4 Replies to “Images With No Handhold”

  1. Call me crazy but I don’t think literature is really changing at all. Sure, the digital revolution has a tremendous impact on the way material is distributed and read. But the core thing about reading lit is still reading. And despite publishers’ tremendous financial woes (because of some outdated business models and generally shaddy structured financing among the parent companies of the whole five publishing houses left standing after too many stoopid mergers), the amount of readers remains steady. (Actually, there’s substantial evidence that readership continues to grow with the development of cheap, accessible e-books and digital readers). So people who spend half the day immersed in the many instant gratifications of the internet are still settling in to a novel once in a while. In fact, the best thing that I think might happen to publishing because of increased competition in the digital age and a general anxiety about cutting costs in markets where credit sources have shriveled is that publishers may get pickier. Maybe they’ll stop flooding the markets with thousands of truly crappy titles. Maybe the hundred or so really terrific books that surface every year will actually become more noticeable in a clearer field. Maybe we won’t have to hold up Oscar Wao as the best book of the decade because people will have actually seen that there were far better books produced year after year. We don’t need gimmicky novels that posture as internet-friendly; we need what we’ve always needed: good stories.

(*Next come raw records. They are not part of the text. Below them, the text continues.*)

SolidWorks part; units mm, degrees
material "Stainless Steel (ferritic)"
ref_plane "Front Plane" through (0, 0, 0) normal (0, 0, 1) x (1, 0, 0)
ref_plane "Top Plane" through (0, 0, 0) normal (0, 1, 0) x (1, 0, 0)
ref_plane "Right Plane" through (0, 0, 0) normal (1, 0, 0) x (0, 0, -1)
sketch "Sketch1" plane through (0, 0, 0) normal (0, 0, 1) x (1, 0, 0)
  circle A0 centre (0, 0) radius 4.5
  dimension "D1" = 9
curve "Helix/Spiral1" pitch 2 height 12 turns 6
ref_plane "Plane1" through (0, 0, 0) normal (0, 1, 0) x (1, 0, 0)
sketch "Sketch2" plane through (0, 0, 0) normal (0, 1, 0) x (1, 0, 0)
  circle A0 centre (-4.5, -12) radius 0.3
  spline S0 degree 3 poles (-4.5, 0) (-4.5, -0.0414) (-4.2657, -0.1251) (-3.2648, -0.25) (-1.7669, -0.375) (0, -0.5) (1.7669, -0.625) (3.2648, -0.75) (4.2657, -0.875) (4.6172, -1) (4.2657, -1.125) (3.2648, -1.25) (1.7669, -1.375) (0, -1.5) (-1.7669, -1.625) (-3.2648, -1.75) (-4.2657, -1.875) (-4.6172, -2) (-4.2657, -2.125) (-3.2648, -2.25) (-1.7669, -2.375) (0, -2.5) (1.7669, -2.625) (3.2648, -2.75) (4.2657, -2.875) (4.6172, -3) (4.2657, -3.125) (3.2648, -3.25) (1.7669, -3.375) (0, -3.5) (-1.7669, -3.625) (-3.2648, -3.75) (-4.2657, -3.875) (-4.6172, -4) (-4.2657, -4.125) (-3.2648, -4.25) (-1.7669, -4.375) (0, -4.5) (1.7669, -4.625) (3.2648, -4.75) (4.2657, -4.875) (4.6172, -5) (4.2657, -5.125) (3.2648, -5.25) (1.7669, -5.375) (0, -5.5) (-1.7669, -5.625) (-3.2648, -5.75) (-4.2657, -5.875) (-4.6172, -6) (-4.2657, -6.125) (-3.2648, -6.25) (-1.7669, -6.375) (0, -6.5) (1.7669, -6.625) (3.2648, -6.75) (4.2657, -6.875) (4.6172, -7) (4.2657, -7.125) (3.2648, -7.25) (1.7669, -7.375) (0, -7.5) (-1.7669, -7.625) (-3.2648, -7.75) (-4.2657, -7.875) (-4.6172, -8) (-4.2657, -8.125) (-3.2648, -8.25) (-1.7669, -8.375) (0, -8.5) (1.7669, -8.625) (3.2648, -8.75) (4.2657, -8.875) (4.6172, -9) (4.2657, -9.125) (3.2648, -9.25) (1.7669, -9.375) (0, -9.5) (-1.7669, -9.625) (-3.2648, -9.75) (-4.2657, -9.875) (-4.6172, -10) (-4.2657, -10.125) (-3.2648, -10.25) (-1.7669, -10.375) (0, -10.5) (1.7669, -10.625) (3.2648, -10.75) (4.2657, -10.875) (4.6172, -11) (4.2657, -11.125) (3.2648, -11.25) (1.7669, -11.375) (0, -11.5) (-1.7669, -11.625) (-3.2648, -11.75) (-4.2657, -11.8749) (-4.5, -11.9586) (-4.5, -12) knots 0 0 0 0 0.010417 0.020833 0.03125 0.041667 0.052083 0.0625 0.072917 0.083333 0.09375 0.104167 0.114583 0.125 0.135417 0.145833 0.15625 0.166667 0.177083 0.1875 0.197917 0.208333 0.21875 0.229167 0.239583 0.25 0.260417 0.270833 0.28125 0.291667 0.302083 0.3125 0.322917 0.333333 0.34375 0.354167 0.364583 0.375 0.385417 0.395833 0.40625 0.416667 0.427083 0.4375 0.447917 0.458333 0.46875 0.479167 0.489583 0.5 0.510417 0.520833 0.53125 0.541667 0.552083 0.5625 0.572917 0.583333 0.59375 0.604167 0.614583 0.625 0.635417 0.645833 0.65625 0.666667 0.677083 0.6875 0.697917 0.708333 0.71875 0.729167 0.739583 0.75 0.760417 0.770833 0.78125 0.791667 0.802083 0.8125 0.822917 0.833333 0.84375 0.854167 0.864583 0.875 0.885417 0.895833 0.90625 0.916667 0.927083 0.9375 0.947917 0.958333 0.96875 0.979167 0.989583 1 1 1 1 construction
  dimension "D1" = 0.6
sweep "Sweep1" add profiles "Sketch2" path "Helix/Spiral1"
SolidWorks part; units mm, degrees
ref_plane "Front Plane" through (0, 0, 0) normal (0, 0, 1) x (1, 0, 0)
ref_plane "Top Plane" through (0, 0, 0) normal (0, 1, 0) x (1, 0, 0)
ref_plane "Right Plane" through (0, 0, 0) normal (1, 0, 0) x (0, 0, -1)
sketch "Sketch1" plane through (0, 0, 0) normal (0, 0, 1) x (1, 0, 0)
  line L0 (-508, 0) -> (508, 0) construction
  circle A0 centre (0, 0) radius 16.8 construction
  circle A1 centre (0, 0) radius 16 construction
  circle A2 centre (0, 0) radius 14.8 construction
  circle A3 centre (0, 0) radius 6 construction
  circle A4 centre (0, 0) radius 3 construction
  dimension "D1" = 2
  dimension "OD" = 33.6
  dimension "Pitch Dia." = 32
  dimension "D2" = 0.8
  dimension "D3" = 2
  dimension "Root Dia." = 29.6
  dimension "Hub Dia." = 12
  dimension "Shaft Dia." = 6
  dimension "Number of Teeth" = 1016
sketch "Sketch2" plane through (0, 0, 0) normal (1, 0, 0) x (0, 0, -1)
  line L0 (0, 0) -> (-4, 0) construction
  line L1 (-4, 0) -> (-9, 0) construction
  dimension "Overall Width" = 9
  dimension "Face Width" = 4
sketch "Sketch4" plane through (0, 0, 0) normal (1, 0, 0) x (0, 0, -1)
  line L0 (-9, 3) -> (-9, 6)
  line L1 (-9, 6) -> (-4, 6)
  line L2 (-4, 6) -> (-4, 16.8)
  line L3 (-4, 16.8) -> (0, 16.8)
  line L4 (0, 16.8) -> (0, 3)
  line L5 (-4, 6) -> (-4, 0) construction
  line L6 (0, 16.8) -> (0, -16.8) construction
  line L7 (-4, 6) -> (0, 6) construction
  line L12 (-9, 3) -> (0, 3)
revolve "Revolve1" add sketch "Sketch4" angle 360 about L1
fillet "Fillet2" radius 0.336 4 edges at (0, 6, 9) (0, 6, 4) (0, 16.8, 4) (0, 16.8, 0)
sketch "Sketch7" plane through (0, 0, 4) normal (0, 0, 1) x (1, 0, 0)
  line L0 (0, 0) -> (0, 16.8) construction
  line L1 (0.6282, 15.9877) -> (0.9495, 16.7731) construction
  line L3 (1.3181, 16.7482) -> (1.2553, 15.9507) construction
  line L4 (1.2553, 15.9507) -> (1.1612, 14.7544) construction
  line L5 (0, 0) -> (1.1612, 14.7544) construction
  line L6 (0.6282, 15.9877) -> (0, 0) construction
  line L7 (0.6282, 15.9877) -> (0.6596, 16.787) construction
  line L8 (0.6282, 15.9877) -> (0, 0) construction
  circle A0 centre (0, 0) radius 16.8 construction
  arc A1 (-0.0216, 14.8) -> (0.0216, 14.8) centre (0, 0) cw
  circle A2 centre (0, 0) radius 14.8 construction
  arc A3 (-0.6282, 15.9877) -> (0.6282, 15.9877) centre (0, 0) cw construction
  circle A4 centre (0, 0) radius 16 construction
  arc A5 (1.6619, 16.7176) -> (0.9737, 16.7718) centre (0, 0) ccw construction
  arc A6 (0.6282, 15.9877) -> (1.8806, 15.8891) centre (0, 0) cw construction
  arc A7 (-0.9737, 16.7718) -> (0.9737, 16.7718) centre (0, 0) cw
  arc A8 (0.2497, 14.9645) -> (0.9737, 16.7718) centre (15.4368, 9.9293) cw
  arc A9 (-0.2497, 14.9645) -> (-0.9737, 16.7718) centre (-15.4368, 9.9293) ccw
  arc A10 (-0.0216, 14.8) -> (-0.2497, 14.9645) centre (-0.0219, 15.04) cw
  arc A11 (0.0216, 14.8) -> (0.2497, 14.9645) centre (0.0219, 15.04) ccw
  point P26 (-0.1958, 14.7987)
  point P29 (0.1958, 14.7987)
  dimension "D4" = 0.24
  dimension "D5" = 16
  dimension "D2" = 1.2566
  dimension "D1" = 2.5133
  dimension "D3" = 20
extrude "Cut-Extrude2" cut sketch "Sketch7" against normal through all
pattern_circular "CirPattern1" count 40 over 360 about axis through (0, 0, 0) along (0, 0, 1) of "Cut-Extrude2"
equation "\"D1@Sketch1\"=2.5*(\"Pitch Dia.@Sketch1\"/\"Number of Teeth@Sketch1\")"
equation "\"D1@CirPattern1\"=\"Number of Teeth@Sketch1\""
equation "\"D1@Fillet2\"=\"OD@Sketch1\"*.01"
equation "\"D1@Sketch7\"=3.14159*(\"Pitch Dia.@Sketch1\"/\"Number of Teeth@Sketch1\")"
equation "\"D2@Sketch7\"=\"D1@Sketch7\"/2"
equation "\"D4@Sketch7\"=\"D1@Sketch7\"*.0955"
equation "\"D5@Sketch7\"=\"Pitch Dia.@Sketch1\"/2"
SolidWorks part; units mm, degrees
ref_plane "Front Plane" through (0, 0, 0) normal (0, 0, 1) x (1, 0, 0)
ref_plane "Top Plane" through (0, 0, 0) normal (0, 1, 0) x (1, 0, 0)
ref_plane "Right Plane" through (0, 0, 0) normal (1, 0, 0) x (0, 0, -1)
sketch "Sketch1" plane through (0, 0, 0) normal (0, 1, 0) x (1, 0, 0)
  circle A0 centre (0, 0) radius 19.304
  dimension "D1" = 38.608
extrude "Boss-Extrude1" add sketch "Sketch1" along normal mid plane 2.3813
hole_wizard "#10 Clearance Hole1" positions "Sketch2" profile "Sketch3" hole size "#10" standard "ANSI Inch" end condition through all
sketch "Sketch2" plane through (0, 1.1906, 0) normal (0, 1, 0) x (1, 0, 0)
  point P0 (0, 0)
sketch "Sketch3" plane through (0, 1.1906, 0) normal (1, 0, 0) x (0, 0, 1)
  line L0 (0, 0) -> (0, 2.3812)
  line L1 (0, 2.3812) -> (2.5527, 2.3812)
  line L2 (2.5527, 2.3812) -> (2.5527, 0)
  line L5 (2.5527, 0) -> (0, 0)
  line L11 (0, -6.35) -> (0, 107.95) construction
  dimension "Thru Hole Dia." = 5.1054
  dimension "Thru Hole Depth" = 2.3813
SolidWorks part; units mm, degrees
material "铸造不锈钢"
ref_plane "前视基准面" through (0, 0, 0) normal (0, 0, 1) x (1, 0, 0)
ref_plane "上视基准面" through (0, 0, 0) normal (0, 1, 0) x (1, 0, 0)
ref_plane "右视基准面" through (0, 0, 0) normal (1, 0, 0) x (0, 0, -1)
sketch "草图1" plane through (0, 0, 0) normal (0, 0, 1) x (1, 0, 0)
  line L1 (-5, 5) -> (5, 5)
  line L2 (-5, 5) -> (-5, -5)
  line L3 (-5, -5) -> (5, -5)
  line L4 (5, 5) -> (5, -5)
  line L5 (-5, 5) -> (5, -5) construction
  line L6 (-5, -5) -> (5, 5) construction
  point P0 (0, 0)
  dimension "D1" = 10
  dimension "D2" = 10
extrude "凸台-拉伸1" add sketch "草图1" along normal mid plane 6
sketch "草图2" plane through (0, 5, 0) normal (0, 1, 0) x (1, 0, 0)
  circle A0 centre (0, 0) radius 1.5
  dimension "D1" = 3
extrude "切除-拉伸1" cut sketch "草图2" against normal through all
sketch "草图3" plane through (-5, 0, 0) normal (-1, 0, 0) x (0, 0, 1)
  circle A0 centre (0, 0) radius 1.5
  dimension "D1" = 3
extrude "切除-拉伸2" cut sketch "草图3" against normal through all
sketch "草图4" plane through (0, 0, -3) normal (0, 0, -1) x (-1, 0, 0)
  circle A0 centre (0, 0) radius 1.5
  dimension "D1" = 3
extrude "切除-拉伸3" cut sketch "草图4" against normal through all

    (Btw, I loved Drown, but Diaz just isn’t as strong as a novelist. I’d also love to see publishers stop forcing authors into writing mediocre novels when they are clearly better short story writers, i.e. Diaz, Maile Meloy, Toby Wolff, Amy Bloom, Jhumpa Lahiri, etc.)

    Ok, end soapbox 😉

  2. I love the way your mind works. So much truth here. Thanks so much for bringing a counterpoint.

    A few questions for you:

    Did you read 2666? (I haven’t yet.)

    Didn’t you think Diaz did achieve a form of the epic in that compact little Osacr Wao? THAT amazed me, and I was mesmerized by how he did it.

    And the concept of images with no hand holds–did it delight you just a little?

  3. Nope, haven’t read 2666. But yes, I’d agree that Diaz got to epic in Oscar. I’m just not sure how much that matters. On a very simplistic level, I tend to judge books by how memorable they are after. I didn’t hate Oscar but nothing in that book haunts me. I know this is a very individual, completely unreliable, and subjective way of measuring anything, but I’m holding on to the basics: I want my heart broken every time.

    As far as the no handhold thing goes, I don’t know what to say about it because I don’t really understand it. I suppose I get hints of what it’s after, but I’m a literalist first and always. For me, the most “poetic” of sentences has to make sense first on a literal level. That handhold sentence enhabits a kind of suggestive space, and maybe that’s enough for a lot of people. But I’ll take precision over the floaty stuff any day. I think imagistic arts provide better mediums for creating evocative, suggestive space. Words should mean. They should be, as our favorite Miss Saville likes to say, acute.

  4. The Brief Wondrous Life of Oscar Wao has been on my “to read” list for awhile.

    And Bolaño’s quote. One word: Wow.